Lautes Krähengeschrei kündigt Unheil an

Einen schlechteren Wochenbeginn konnten beide sich nicht vorstellen. Als Michaela Woelk gegen 8 Uhr von ihrem Wohnhaus über die Straße ging, war die Welt noch in Ordnung. „Ich versorgte die Pferde und wurde stutzig über das laute Geschrei der Krähen und Raben. Mit einer bösen Vorahnung blickte ich auf die Sika-Weide“, berichtet sie. „Als ich kein Sika-Hirsch über die Weide laufen sah, war mir sofort klar, die Wölfe haben erneut zugeschlagen.“

Wenig später sah Woelk das Massaker der Wölfe. Bei drei Sika-Hirschen wurde der Körper aufgerissen, eins wurde gar durch den Zaun nach draußen auf eine andere Wiese gezerrt, und die restlichen drei wurden einfach nur getötet. Eines der Tiere war tragend, dass Embryo wurde der Kuh förmlich aus dem Laib gerissen.

Mario und Michaela Woelk waren bereits beim ersten Wolfsangriff fassungslos.
Mario und Michaela Woelk waren bereits beim ersten Wolfsangriff fassungslos. (Foto: Kai Horstmann)

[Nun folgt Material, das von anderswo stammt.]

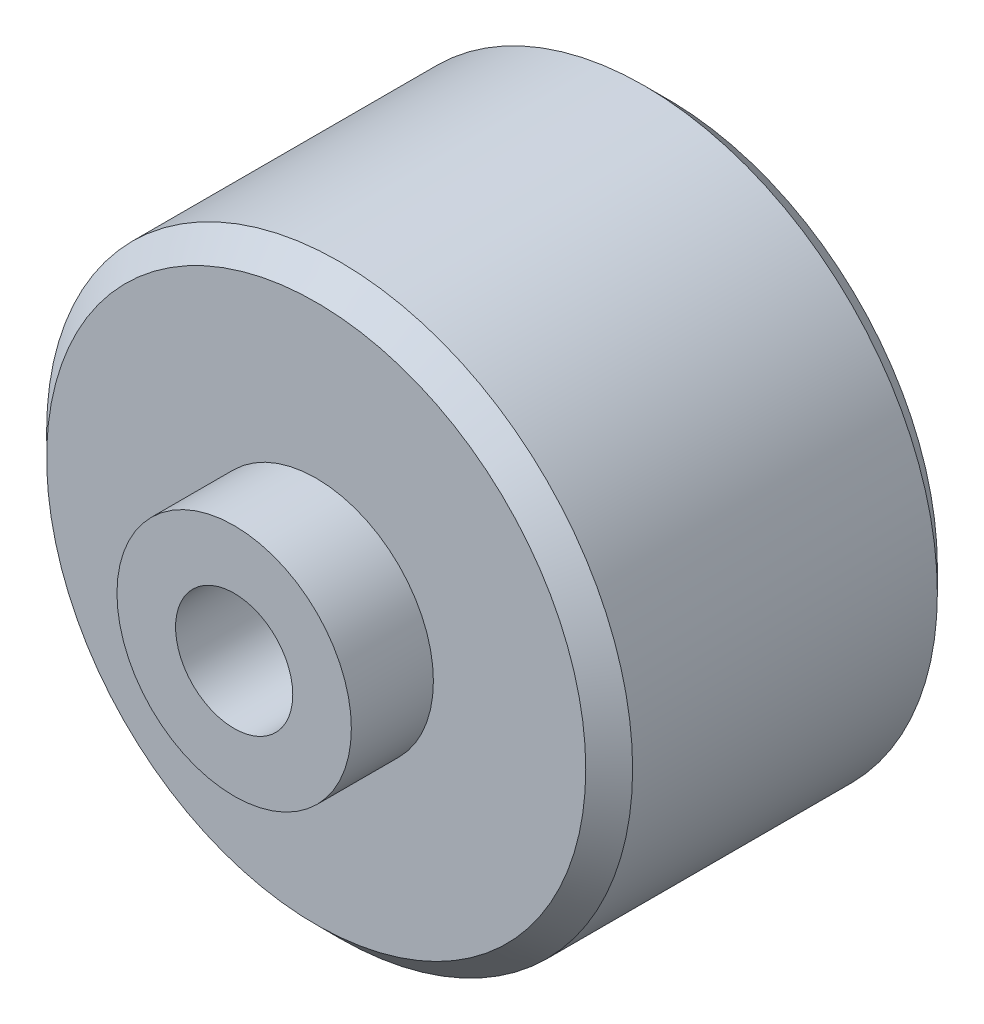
from build123d import *

# Parameters (mm, degrees)
SKETCH1_R      = 12.5
EXTRUDE1_DEPTH = 15
SKETCH2_R      = 5
EXTRUDE2_DEPTH = 3.5
SKETCH3_R      = 2.5
EXTRUDE3_DEPTH = 26.588083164
CHAMFER1_SIZE  = 1


with BuildPart() as part:
    # Sketch1 → Extrude1 (new body)
    with BuildSketch(Plane.XY):
        Circle(SKETCH1_R)
    extrude(amount=EXTRUDE1_DEPTH)

    # Sketch2 → Extrude2 (add)
    with BuildSketch(Plane.XY.offset(15)):
        Circle(SKETCH2_R)
    extrude(amount=EXTRUDE2_DEPTH)

    # Sketch3 → Extrude3 (cut, through all)
    with BuildSketch(Plane.XY.offset(18.5)):
        Circle(SKETCH3_R)
    extrude(amount=-EXTRUDE3_DEPTH, mode=Mode.SUBTRACT)

    # Chamfer1
    chamfer1_edges = [part.edges().sort_by_distance(p)[0] for p in [
        (-12.5, 0, 0),
        (-12.5, 0, 15),
    ]]
    chamfer(chamfer1_edges, length=CHAMFER1_SIZE)


solid = part.part
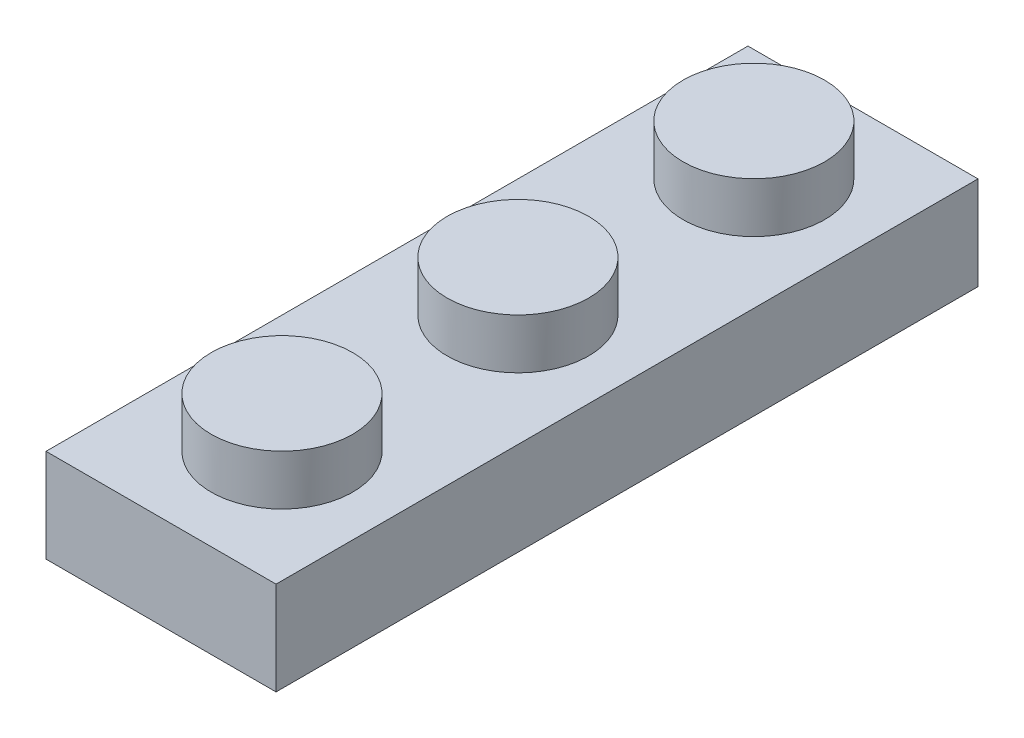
from build123d import *

# Parameters (mm, degrees)
SKETCH1_W                 = 7.8
SKETCH1_H                 = 23.8
EXTRUDE1_DEPTH            = 3.166
SKETCH2_R                 = 2.4
EXTRUDE2_DEPTH            = 1.7
SKETCH3_W                 = 4.9
SKETCH3_H                 = 4.9
EXTRUDE3_DEPTH            = 2.5
LPATTERN1_COUNT           = 2
LPATTERN1_PITCH           = 8
LPATTERN2_COUNT           = 2
LPATTERN2_PITCH           = 8
LPATTERN3_COUNT           = 3
LPATTERN3_PITCH           = 8
LPATTERN4_COPY_1_SKETCH_W = 4.9
LPATTERN4_COPY_1_SKETCH_H = 4.9
LPATTERN4_COPY_1_DEPTH    = 2.5
LPATTERN4_COPY_2_SKETCH_W = 4.9
LPATTERN4_COPY_2_SKETCH_H = 4.9
LPATTERN4_COPY_2_DEPTH    = 2.5


with BuildPart() as part:
    # Sketch1 → Extrude1 (new body)
    with BuildSketch(Plane(origin=(0, 0, 0), x_dir=(1, 0, 0), z_dir=(0, 1, 0))):
        with Locations((3.9, 11.9)):
            Rectangle(SKETCH1_W, SKETCH1_H)
    extrude(amount=EXTRUDE1_DEPTH)

    # Sketch2 → Extrude2 (add)
    with BuildSketch(Plane(origin=(0, 3.166, 0), x_dir=(1, 0, 0), z_dir=(0, 1, 0))):
        with Locations(Location((4, 4, 0), (0, 0, 90))):
            Circle(SKETCH2_R)
    extrude2 = extrude(amount=EXTRUDE2_DEPTH)

    # Sketch3 → Extrude3 (cut)
    with BuildSketch(Plane.XZ):
        with Locations((3.9, -19.9)):
            Rectangle(SKETCH3_W, SKETCH3_H)
    extrude3 = extrude(amount=-EXTRUDE3_DEPTH, mode=Mode.SUBTRACT)

    # LPattern1: Extrude2 ×2
    with Locations(*[(0, 0, -i * LPATTERN1_PITCH) for i in range(1, LPATTERN1_COUNT)]):
        add(extrude2)

    # LPattern2: Extrude3 ×2
    with Locations(*[(0, 0, i * LPATTERN2_PITCH) for i in range(1, LPATTERN2_COUNT)]):
        add(extrude3, mode=Mode.SUBTRACT)

    # LPattern3: Extrude2 ×3
    with Locations(*[(0, 0, -i * LPATTERN3_PITCH) for i in range(1, LPATTERN3_COUNT)]):
        add(extrude2)

    # LPattern4 copy 1 sketch → LPattern4 copy 1 (cut)
    with BuildSketch(Plane(origin=(0, 0, 16), x_dir=(1, 0, 0), z_dir=(0, -1, 0))):
        with Locations((3.9, -19.9)):
            Rectangle(LPATTERN4_COPY_1_SKETCH_W, LPATTERN4_COPY_1_SKETCH_H)
    extrude(amount=-LPATTERN4_COPY_1_DEPTH, mode=Mode.SUBTRACT)

    # LPattern4 copy 2 sketch → LPattern4 copy 2 (cut)
    with BuildSketch(Plane(origin=(0, 0, 8), x_dir=(1, 0, 0), z_dir=(0, -1, 0))):
        with Locations((3.9, -19.9)):
            Rectangle(LPATTERN4_COPY_2_SKETCH_W, LPATTERN4_COPY_2_SKETCH_H)
    extrude(amount=-LPATTERN4_COPY_2_DEPTH, mode=Mode.SUBTRACT)


solid = part.part

Mitte Oktober hatten die Wölfe nach Schilderungen des Ehepaares Woelk das erste Mal zugeschlagen, töteten 15 Sika-Hirsche, obwohl mehrere Häuser an die Weide angrenzen. „Darauf beantragten wir Fördermittel, um mit Elektrozäunen unsere Weiden zu sichern“, sagt Michaela Woelk. „Doch die Wölfe waren schneller. Vor etwa drei Wochen töteten sie den Zuchthirsch, eine Zuchtkuh und einen weiteren Sika.“

Vor Angst nicht mehr mit Hund im Wald unterwegs

Nun geht bei Michaela Woelk richtig die Angst umher. Mit ihrem Labrador Elsa traut sie sich schon gar nicht mehr, in eines der umliegenden Waldgebiete zu gehen. Verstärkt wird die Angst dadurch, dass ein Waldfachmann ihr sagte, dass es im Umkreis von zehn Kilometern um Klein Ziethen herum drei Wolfsrudel gibt. „Ich kann das nicht verstehen“, schimpft Michaela Woelk. „Alle Tierarten werden reglementiert, nur der Wolf nicht.“

Kommen jetzt nach den Sika-Hirschen die Pferde dran? Damit würden die Woelks ihre Lebensgrundlage verlieren, weshalb sie ihre Pferde mit aller Macht schützen wollen. Dabei hoffen sie auf eine schnelle Zusage für den Förderbescheid, auch wenn keiner der Sika-Hirsche mehr lebt.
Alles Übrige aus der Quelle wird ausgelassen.